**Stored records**
● ● ● ● ● ● ●

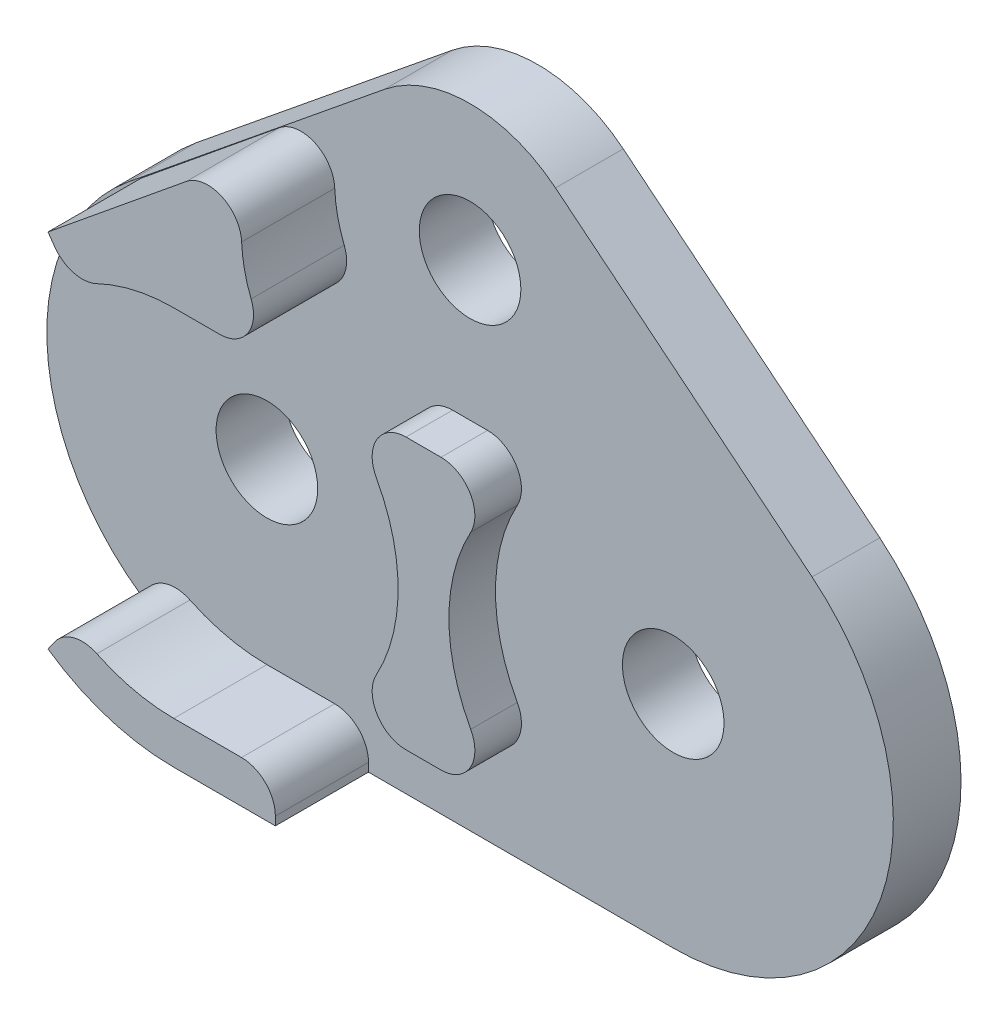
ISO-10303-21;
HEADER;
FILE_DESCRIPTION(('STEP AP214'),'2;1');
FILE_NAME('part.step','',(''),(''),'','','');
FILE_SCHEMA(('AUTOMOTIVE_DESIGN { 1 0 10303 214 1 1 1 1 }'));
ENDSEC;
DATA;
#1=APPLICATION_CONTEXT('core data for automotive mechanical design processes');
#2=APPLICATION_PROTOCOL_DEFINITION('international standard','automotive_design',2000,#1);
#3=PRODUCT_CONTEXT('',#1,'mechanical');
#4=PRODUCT('Part','Part','',(#3));
#5=PRODUCT_RELATED_PRODUCT_CATEGORY('part','',(#4));
#6=PRODUCT_DEFINITION_FORMATION('','',#4);
#7=PRODUCT_DEFINITION_CONTEXT('part definition',#1,'design');
#8=PRODUCT_DEFINITION('design','',#6,#7);
#9=PRODUCT_DEFINITION_SHAPE('','',#8);
#10=(LENGTH_UNIT() NAMED_UNIT(*) SI_UNIT(.MILLI.,.METRE.));
#11=(NAMED_UNIT(*) PLANE_ANGLE_UNIT() SI_UNIT($,.RADIAN.));
#12=(NAMED_UNIT(*) SI_UNIT($,.STERADIAN.) SOLID_ANGLE_UNIT());
#13=UNCERTAINTY_MEASURE_WITH_UNIT(LENGTH_MEASURE(1.E-05),#10,'distance_accuracy_value','');
#14=(GEOMETRIC_REPRESENTATION_CONTEXT(3) GLOBAL_UNCERTAINTY_ASSIGNED_CONTEXT((#13)) GLOBAL_UNIT_ASSIGNED_CONTEXT((#10,
#11,#12)) REPRESENTATION_CONTEXT('',''));
#15=CARTESIAN_POINT('',(0.,0.,0.));
#16=DIRECTION('',(0.,0.,1.));
#17=DIRECTION('',(1.,0.,0.));
#18=AXIS2_PLACEMENT_3D('',#15,#16,#17);
#19=CARTESIAN_POINT('',(-6.,0.,2.));
#20=DIRECTION('',(0.,0.,1.));
#21=DIRECTION('',(1.,0.,0.));
#22=AXIS2_PLACEMENT_3D('',#19,#20,#21);
#23=PLANE('',#22);
#24=CARTESIAN_POINT('',(0.,8.1,2.));
#25=DIRECTION('',(0.,0.,1.));
#26=DIRECTION('',(-1.,0.,0.));
#27=AXIS2_PLACEMENT_3D('',#24,#25,#26);
#28=CIRCLE('',#27,4.);
#29=CARTESIAN_POINT('',(2.52331386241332,11.2036892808,2.));
#30=VERTEX_POINT('',#29);
#31=CARTESIAN_POINT('',(-2.52331386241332,11.2036892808,2.));
#32=VERTEX_POINT('',#31);
#33=EDGE_CURVE('E327',#30,#32,#28,.T.);
#34=ORIENTED_EDGE('',*,*,#33,.T.);
#35=DIRECTION('',(-0.775922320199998,-0.63082846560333,0.));
#36=VECTOR('',#35,1.);
#37=CARTESIAN_POINT('',(-2.52331386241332,11.2036892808,2.));
#38=LINE('',#37,#36);
#39=CARTESIAN_POINT('',(-10.1003850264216,5.04349508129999,2.));
#40=VERTEX_POINT('',#39);
#41=EDGE_CURVE('E329',#32,#40,#38,.T.);
#42=ORIENTED_EDGE('',*,*,#41,.T.);
#43=CARTESIAN_POINT('',(-6.,0.,2.));
#44=DIRECTION('',(0.,0.,1.));
#45=DIRECTION('',(1.,0.,0.));
#46=AXIS2_PLACEMENT_3D('',#43,#44,#45);
#47=CIRCLE('',#46,6.5);
#48=CARTESIAN_POINT('',(-9.71428571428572,-5.33423674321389,2.));
#49=VERTEX_POINT('',#48);
#50=EDGE_CURVE('E356',#40,#49,#47,.T.);
#51=ORIENTED_EDGE('',*,*,#50,.T.);
#52=DIRECTION('',(-0.571428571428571,-0.82065180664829,0.));
#53=VECTOR('',#52,1.);
#54=CARTESIAN_POINT('',(-4.04081632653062,2.81366333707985,2.));
#55=LINE('',#54,#53);
#56=CARTESIAN_POINT('',(-9.52541790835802,-5.06299600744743,2.));
#57=VERTEX_POINT('',#56);
#58=EDGE_CURVE('E256',#57,#49,#55,.T.);
#59=ORIENTED_EDGE('',*,*,#58,.F.);
#60=CARTESIAN_POINT('',(-8.70476610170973,-5.634424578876,2.));
#61=DIRECTION('',(0.,0.,1.));
#62=DIRECTION('',(1.,0.,0.));
#63=AXIS2_PLACEMENT_3D('',#60,#61,#62);
#64=CIRCLE('',#63,1.);
#65=CARTESIAN_POINT('',(-8.27200352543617,-4.73291664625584,2.));
#66=VERTEX_POINT('',#65);
#67=EDGE_CURVE('E443',#57,#66,#64,.F.);
#68=ORIENTED_EDGE('',*,*,#67,.T.);
#69=CARTESIAN_POINT('',(-6.,0.,2.));
#70=DIRECTION('',(0.,0.,1.));
#71=DIRECTION('',(1.,0.,0.));
#72=AXIS2_PLACEMENT_3D('',#69,#70,#71);
#73=CIRCLE('',#72,5.25);
#74=CARTESIAN_POINT('',(-6.,-5.25,2.));
#75=VERTEX_POINT('',#74);
#76=EDGE_CURVE('E273',#75,#66,#73,.F.);
#77=ORIENTED_EDGE('',*,*,#76,.F.);
#78=DIRECTION('',(1.,0.,0.));
#79=VECTOR('',#78,1.);
#80=CARTESIAN_POINT('',(0.,-5.25,2.));
#81=LINE('',#80,#79);
#82=CARTESIAN_POINT('',(-4.,-5.25,2.));
#83=VERTEX_POINT('',#82);
#84=EDGE_CURVE('E235',#75,#83,#81,.T.);
#85=ORIENTED_EDGE('',*,*,#84,.T.);
#86=CARTESIAN_POINT('',(-4.,-6.25,2.));
#87=DIRECTION('',(0.,0.,1.));
#88=DIRECTION('',(1.,0.,0.));
#89=AXIS2_PLACEMENT_3D('',#86,#87,#88);
#90=CIRCLE('',#89,1.);
#91=CARTESIAN_POINT('',(-3.,-6.25,2.));
#92=VERTEX_POINT('',#91);
#93=EDGE_CURVE('E441',#83,#92,#90,.F.);
#94=ORIENTED_EDGE('',*,*,#93,.T.);
#95=DIRECTION('',(0.,-1.,0.));
#96=VECTOR('',#95,1.);
#97=CARTESIAN_POINT('',(-3.,0.,2.));
#98=LINE('',#97,#96);
#99=CARTESIAN_POINT('',(-3.,-6.5,2.));
#100=VERTEX_POINT('',#99);
#101=EDGE_CURVE('E254',#92,#100,#98,.T.);
#102=ORIENTED_EDGE('',*,*,#101,.T.);
#103=DIRECTION('',(1.,0.,0.));
#104=VECTOR('',#103,1.);
#105=CARTESIAN_POINT('',(-6.,-6.5,2.));
#106=LINE('',#105,#104);
#107=CARTESIAN_POINT('',(6.,-6.50000000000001,2.));
#108=VERTEX_POINT('',#107);
#109=EDGE_CURVE('E359',#100,#108,#106,.T.);
#110=ORIENTED_EDGE('',*,*,#109,.T.);
#111=CARTESIAN_POINT('',(6.,0.,2.));
#112=DIRECTION('',(0.,0.,1.));
#113=DIRECTION('',(-1.,0.,0.));
#114=AXIS2_PLACEMENT_3D('',#111,#112,#113);
#115=CIRCLE('',#114,6.5);
#116=CARTESIAN_POINT('',(10.1003850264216,5.04349508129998,2.));
#117=VERTEX_POINT('',#116);
#118=EDGE_CURVE('E362',#108,#117,#115,.T.);
#119=ORIENTED_EDGE('',*,*,#118,.T.);
#120=DIRECTION('',(-0.775922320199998,0.63082846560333,0.));
#121=VECTOR('',#120,1.);
#122=CARTESIAN_POINT('',(2.52331386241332,11.2036892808,2.));
#123=LINE('',#122,#121);
#124=EDGE_CURVE('E324',#117,#30,#123,.T.);
#125=ORIENTED_EDGE('',*,*,#124,.T.);
#126=EDGE_LOOP('',(#34,#42,#51,#59,#68,#77,#85,#94,#102,#110,#119,#125));
#127=FACE_BOUND('',#126,.T.);
#128=CARTESIAN_POINT('',(-4.9957863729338,7.89477203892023,2.));
#129=DIRECTION('',(0.,0.,1.));
#130=DIRECTION('',(1.,0.,0.));
#131=AXIS2_PLACEMENT_3D('',#128,#129,#130);
#132=CIRCLE('',#131,1.);
#133=CARTESIAN_POINT('',(-5.6281157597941,8.66947168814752,2.));
#134=VERTEX_POINT('',#133);
#135=CARTESIAN_POINT('',(-3.99662909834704,7.93581763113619,2.));
#136=VERTEX_POINT('',#135);
#137=EDGE_CURVE('E11',#134,#136,#132,.F.);
#138=ORIENTED_EDGE('',*,*,#137,.T.);
#139=CARTESIAN_POINT('',(0.,8.1,2.));
#140=DIRECTION('',(0.,0.,1.));
#141=DIRECTION('',(1.,0.,0.));
#142=AXIS2_PLACEMENT_3D('',#139,#140,#141);
#143=CIRCLE('',#142,4.);
#144=CARTESIAN_POINT('',(-3.71612701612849,6.62,2.));
#145=VERTEX_POINT('',#144);
#146=EDGE_CURVE('E50',#145,#136,#143,.F.);
#147=ORIENTED_EDGE('',*,*,#146,.F.);
#148=CARTESIAN_POINT('',(-4.64515877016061,6.25,2.));
#149=DIRECTION('',(0.,0.,1.));
#150=DIRECTION('',(1.,0.,0.));
#151=AXIS2_PLACEMENT_3D('',#148,#149,#150);
#152=CIRCLE('',#151,1.);
#153=CARTESIAN_POINT('',(-4.64515877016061,5.25,2.));
#154=VERTEX_POINT('',#153);
#155=EDGE_CURVE('E43',#145,#154,#152,.F.);
#156=ORIENTED_EDGE('',*,*,#155,.T.);
#157=DIRECTION('',(1.,0.,0.));
#158=VECTOR('',#157,1.);
#159=CARTESIAN_POINT('',(0.,5.25,2.));
#160=LINE('',#159,#158);
#161=CARTESIAN_POINT('',(-6.,5.25,2.));
#162=VERTEX_POINT('',#161);
#163=EDGE_CURVE('E238',#162,#154,#160,.T.);
#164=ORIENTED_EDGE('',*,*,#163,.F.);
#165=CARTESIAN_POINT('',(-6.,0.,2.));
#166=DIRECTION('',(0.,0.,1.));
#167=DIRECTION('',(1.,0.,0.));
#168=AXIS2_PLACEMENT_3D('',#165,#166,#167);
#169=CIRCLE('',#168,5.25);
#170=CARTESIAN_POINT('',(-8.27200352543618,4.73291664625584,2.));
#171=VERTEX_POINT('',#170);
#172=EDGE_CURVE('E285',#162,#171,#169,.T.);
#173=ORIENTED_EDGE('',*,*,#172,.T.);
#174=CARTESIAN_POINT('',(-8.70476610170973,5.634424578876,2.));
#175=DIRECTION('',(0.,0.,1.));
#176=DIRECTION('',(1.,0.,0.));
#177=AXIS2_PLACEMENT_3D('',#174,#175,#176);
#178=CIRCLE('',#177,1.);
#179=CARTESIAN_POINT('',(-9.52541790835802,5.06299600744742,2.));
#180=VERTEX_POINT('',#179);
#181=EDGE_CURVE('E445',#171,#180,#178,.F.);
#182=ORIENTED_EDGE('',*,*,#181,.T.);
#183=DIRECTION('',(-0.571428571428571,0.82065180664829,0.));
#184=VECTOR('',#183,1.);
#185=CARTESIAN_POINT('',(-4.04081632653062,-2.81366333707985,2.));
#186=LINE('',#185,#184);
#187=CARTESIAN_POINT('',(-9.71428571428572,5.33423674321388,2.));
#188=VERTEX_POINT('',#187);
#189=EDGE_CURVE('E303',#180,#188,#186,.T.);
#190=ORIENTED_EDGE('',*,*,#189,.T.);
#191=DIRECTION('',(0.774699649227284,0.6323293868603,0.));
#192=VECTOR('',#191,1.);
#193=CARTESIAN_POINT('',(-6.49722217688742,7.96008511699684,2.));
#194=LINE('',#193,#192);
#195=EDGE_CURVE('E300',#188,#134,#194,.T.);
#196=ORIENTED_EDGE('',*,*,#195,.T.);
#197=EDGE_LOOP('',(#138,#147,#156,#164,#173,#182,#190,#196));
#198=FACE_BOUND('',#197,.T.);
#199=CARTESIAN_POINT('',(6.,0.,2.));
#200=DIRECTION('',(0.,0.,1.));
#201=DIRECTION('',(1.,0.,0.));
#202=AXIS2_PLACEMENT_3D('',#199,#200,#201);
#203=CIRCLE('',#202,1.5);
#204=CARTESIAN_POINT('',(7.5,0.,2.));
#205=VERTEX_POINT('',#204);
#206=EDGE_CURVE('E343',#205,#205,#203,.T.);
#207=ORIENTED_EDGE('',*,*,#206,.F.);
#208=EDGE_LOOP('',(#207));
#209=FACE_BOUND('',#208,.T.);
#210=CARTESIAN_POINT('',(-6.,0.,2.));
#211=DIRECTION('',(0.,0.,1.));
#212=DIRECTION('',(1.,0.,0.));
#213=AXIS2_PLACEMENT_3D('',#210,#211,#212);
#214=CIRCLE('',#213,1.5);
#215=CARTESIAN_POINT('',(-4.5,0.,2.));
#216=VERTEX_POINT('',#215);
#217=EDGE_CURVE('E347',#216,#216,#214,.T.);
#218=ORIENTED_EDGE('',*,*,#217,.F.);
#219=EDGE_LOOP('',(#218));
#220=FACE_BOUND('',#219,.T.);
#221=CARTESIAN_POINT('',(0.,8.1,2.));
#222=DIRECTION('',(0.,0.,1.));
#223=DIRECTION('',(1.,0.,0.));
#224=AXIS2_PLACEMENT_3D('',#221,#222,#223);
#225=CIRCLE('',#224,1.5);
#226=CARTESIAN_POINT('',(1.5,8.1,2.));
#227=VERTEX_POINT('',#226);
#228=EDGE_CURVE('E312',#227,#227,#225,.T.);
#229=ORIENTED_EDGE('',*,*,#228,.F.);
#230=EDGE_LOOP('',(#229));
#231=FACE_BOUND('',#230,.T.);
#232=DIRECTION('',(1.,0.,0.));
#233=VECTOR('',#232,1.);
#234=CARTESIAN_POINT('',(-2.59963237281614,-4.,2.));
#235=LINE('',#234,#233);
#236=CARTESIAN_POINT('',(-0.517071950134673,-4.,2.));
#237=VERTEX_POINT('',#236);
#238=CARTESIAN_POINT('',(0.517071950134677,-4.,2.));
#239=VERTEX_POINT('',#238);
#240=EDGE_CURVE('E837',#237,#239,#235,.T.);
#241=ORIENTED_EDGE('',*,*,#240,.F.);
#242=CARTESIAN_POINT('',(-0.517071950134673,-3.,2.));
#243=DIRECTION('',(0.,0.,1.));
#244=DIRECTION('',(1.,0.,0.));
#245=AXIS2_PLACEMENT_3D('',#242,#243,#244);
#246=CIRCLE('',#245,1.);
#247=CARTESIAN_POINT('',(-1.39434043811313,-2.52,2.));
#248=VERTEX_POINT('',#247);
#249=EDGE_CURVE('E433',#237,#248,#246,.F.);
#250=ORIENTED_EDGE('',*,*,#249,.T.);
#251=CARTESIAN_POINT('',(-6.,0.,2.));
#252=DIRECTION('',(0.,0.,-1.));
#253=DIRECTION('',(-1.,0.,0.));
#254=AXIS2_PLACEMENT_3D('',#251,#252,#253);
#255=CIRCLE('',#254,5.25);
#256=CARTESIAN_POINT('',(-1.39434043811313,2.52,2.));
#257=VERTEX_POINT('',#256);
#258=EDGE_CURVE('E843',#257,#248,#255,.T.);
#259=ORIENTED_EDGE('',*,*,#258,.F.);
#260=CARTESIAN_POINT('',(-0.517071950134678,3.,2.));
#261=DIRECTION('',(0.,0.,1.));
#262=DIRECTION('',(1.,0.,0.));
#263=AXIS2_PLACEMENT_3D('',#260,#261,#262);
#264=CIRCLE('',#263,1.);
#265=CARTESIAN_POINT('',(-0.517071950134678,4.,2.));
#266=VERTEX_POINT('',#265);
#267=EDGE_CURVE('E439',#257,#266,#264,.F.);
#268=ORIENTED_EDGE('',*,*,#267,.T.);
#269=DIRECTION('',(-1.,0.,0.));
#270=VECTOR('',#269,1.);
#271=CARTESIAN_POINT('',(-2.59963237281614,4.,2.));
#272=LINE('',#271,#270);
#273=CARTESIAN_POINT('',(0.51707195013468,4.,2.));
#274=VERTEX_POINT('',#273);
#275=EDGE_CURVE('E259',#274,#266,#272,.T.);
#276=ORIENTED_EDGE('',*,*,#275,.F.);
#277=CARTESIAN_POINT('',(0.51707195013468,3.,2.));
#278=DIRECTION('',(0.,0.,1.));
#279=DIRECTION('',(1.,0.,0.));
#280=AXIS2_PLACEMENT_3D('',#277,#278,#279);
#281=CIRCLE('',#280,1.);
#282=CARTESIAN_POINT('',(1.39434043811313,2.52,2.));
#283=VERTEX_POINT('',#282);
#284=EDGE_CURVE('E437',#274,#283,#281,.F.);
#285=ORIENTED_EDGE('',*,*,#284,.T.);
#286=CARTESIAN_POINT('',(6.,0.,2.));
#287=DIRECTION('',(0.,0.,-1.));
#288=DIRECTION('',(1.,0.,0.));
#289=AXIS2_PLACEMENT_3D('',#286,#287,#288);
#290=CIRCLE('',#289,5.25);
#291=CARTESIAN_POINT('',(1.39434043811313,-2.52,2.));
#292=VERTEX_POINT('',#291);
#293=EDGE_CURVE('E842',#292,#283,#290,.T.);
#294=ORIENTED_EDGE('',*,*,#293,.F.);
#295=CARTESIAN_POINT('',(0.517071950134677,-3.,2.));
#296=DIRECTION('',(0.,0.,1.));
#297=DIRECTION('',(1.,0.,0.));
#298=AXIS2_PLACEMENT_3D('',#295,#296,#297);
#299=CIRCLE('',#298,1.);
#300=EDGE_CURVE('E435',#292,#239,#299,.F.);
#301=ORIENTED_EDGE('',*,*,#300,.T.);
#302=EDGE_LOOP('',(#241,#250,#259,#268,#276,#285,#294,#301));
#303=FACE_BOUND('',#302,.T.);
#304=ADVANCED_FACE('F35',(#127,#198,#209,#220,#231,#303),#23,.T.);
#305=CARTESIAN_POINT('',(6.,0.,2.));
#306=DIRECTION('',(0.,0.,-1.));
#307=DIRECTION('',(-1.,0.,0.));
#308=AXIS2_PLACEMENT_3D('',#305,#306,#307);
#309=CYLINDRICAL_SURFACE('',#308,6.5);
#310=DIRECTION('',(0.,0.,1.));
#311=VECTOR('',#310,1.);
#312=CARTESIAN_POINT('',(10.1003850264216,5.04349508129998,-21.3977889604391));
#313=LINE('',#312,#311);
#314=CARTESIAN_POINT('',(10.1003850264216,5.04349508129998,0.));
#315=VERTEX_POINT('',#314);
#316=EDGE_CURVE('E332',#315,#117,#313,.T.);
#317=ORIENTED_EDGE('',*,*,#316,.T.);
#318=ORIENTED_EDGE('',*,*,#118,.F.);
#319=DIRECTION('',(0.,0.,-1.));
#320=VECTOR('',#319,1.);
#321=CARTESIAN_POINT('',(6.,-6.50000000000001,2.));
#322=LINE('',#321,#320);
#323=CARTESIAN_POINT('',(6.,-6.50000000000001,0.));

● ● ● ● ● ● ●

**EXERCISE GOAL**
From the data above, output only the lines between the line containing "#42=ORIENTED_EDGE('',*,*,#41,.T.);" and the line containing "#103=DIRECTION('',(1.,0.,0.));", inclusive, exactly as written.

**ANSWER TO THIS TASK**
#42=ORIENTED_EDGE('',*,*,#41,.T.);
#43=CARTESIAN_POINT('',(-6.,0.,2.));
#44=DIRECTION('',(0.,0.,1.));
#45=DIRECTION('',(1.,0.,0.));
#46=AXIS2_PLACEMENT_3D('',#43,#44,#45);
#47=CIRCLE('',#46,6.5);
#48=CARTESIAN_POINT('',(-9.71428571428572,-5.33423674321389,2.));
#49=VERTEX_POINT('',#48);
#50=EDGE_CURVE('E356',#40,#49,#47,.T.);
#51=ORIENTED_EDGE('',*,*,#50,.T.);
#52=DIRECTION('',(-0.571428571428571,-0.82065180664829,0.));
#53=VECTOR('',#52,1.);
#54=CARTESIAN_POINT('',(-4.04081632653062,2.81366333707985,2.));
#55=LINE('',#54,#53);
#56=CARTESIAN_POINT('',(-9.52541790835802,-5.06299600744743,2.));
#57=VERTEX_POINT('',#56);
#58=EDGE_CURVE('E256',#57,#49,#55,.T.);
#59=ORIENTED_EDGE('',*,*,#58,.F.);
#60=CARTESIAN_POINT('',(-8.70476610170973,-5.634424578876,2.));
#61=DIRECTION('',(0.,0.,1.));
#62=DIRECTION('',(1.,0.,0.));
#63=AXIS2_PLACEMENT_3D('',#60,#61,#62);
#64=CIRCLE('',#63,1.);
#65=CARTESIAN_POINT('',(-8.27200352543617,-4.73291664625584,2.));
#66=VERTEX_POINT('',#65);
#67=EDGE_CURVE('E443',#57,#66,#64,.F.);
#68=ORIENTED_EDGE('',*,*,#67,.T.);
#69=CARTESIAN_POINT('',(-6.,0.,2.));
#70=DIRECTION('',(0.,0.,1.));
#71=DIRECTION('',(1.,0.,0.));
#72=AXIS2_PLACEMENT_3D('',#69,#70,#71);
#73=CIRCLE('',#72,5.25);
#74=CARTESIAN_POINT('',(-6.,-5.25,2.));
#75=VERTEX_POINT('',#74);
#76=EDGE_CURVE('E273',#75,#66,#73,.F.);
#77=ORIENTED_EDGE('',*,*,#76,.F.);
#78=DIRECTION('',(1.,0.,0.));
#79=VECTOR('',#78,1.);
#80=CARTESIAN_POINT('',(0.,-5.25,2.));
#81=LINE('',#80,#79);
#82=CARTESIAN_POINT('',(-4.,-5.25,2.));
#83=VERTEX_POINT('',#82);
#84=EDGE_CURVE('E235',#75,#83,#81,.T.);
#85=ORIENTED_EDGE('',*,*,#84,.T.);
#86=CARTESIAN_POINT('',(-4.,-6.25,2.));
#87=DIRECTION('',(0.,0.,1.));
#88=DIRECTION('',(1.,0.,0.));
#89=AXIS2_PLACEMENT_3D('',#86,#87,#88);
#90=CIRCLE('',#89,1.);
#91=CARTESIAN_POINT('',(-3.,-6.25,2.));
#92=VERTEX_POINT('',#91);
#93=EDGE_CURVE('E441',#83,#92,#90,.F.);
#94=ORIENTED_EDGE('',*,*,#93,.T.);
#95=DIRECTION('',(0.,-1.,0.));
#96=VECTOR('',#95,1.);
#97=CARTESIAN_POINT('',(-3.,0.,2.));
#98=LINE('',#97,#96);
#99=CARTESIAN_POINT('',(-3.,-6.5,2.));
#100=VERTEX_POINT('',#99);
#101=EDGE_CURVE('E254',#92,#100,#98,.T.);
#102=ORIENTED_EDGE('',*,*,#101,.T.);
#103=DIRECTION('',(1.,0.,0.));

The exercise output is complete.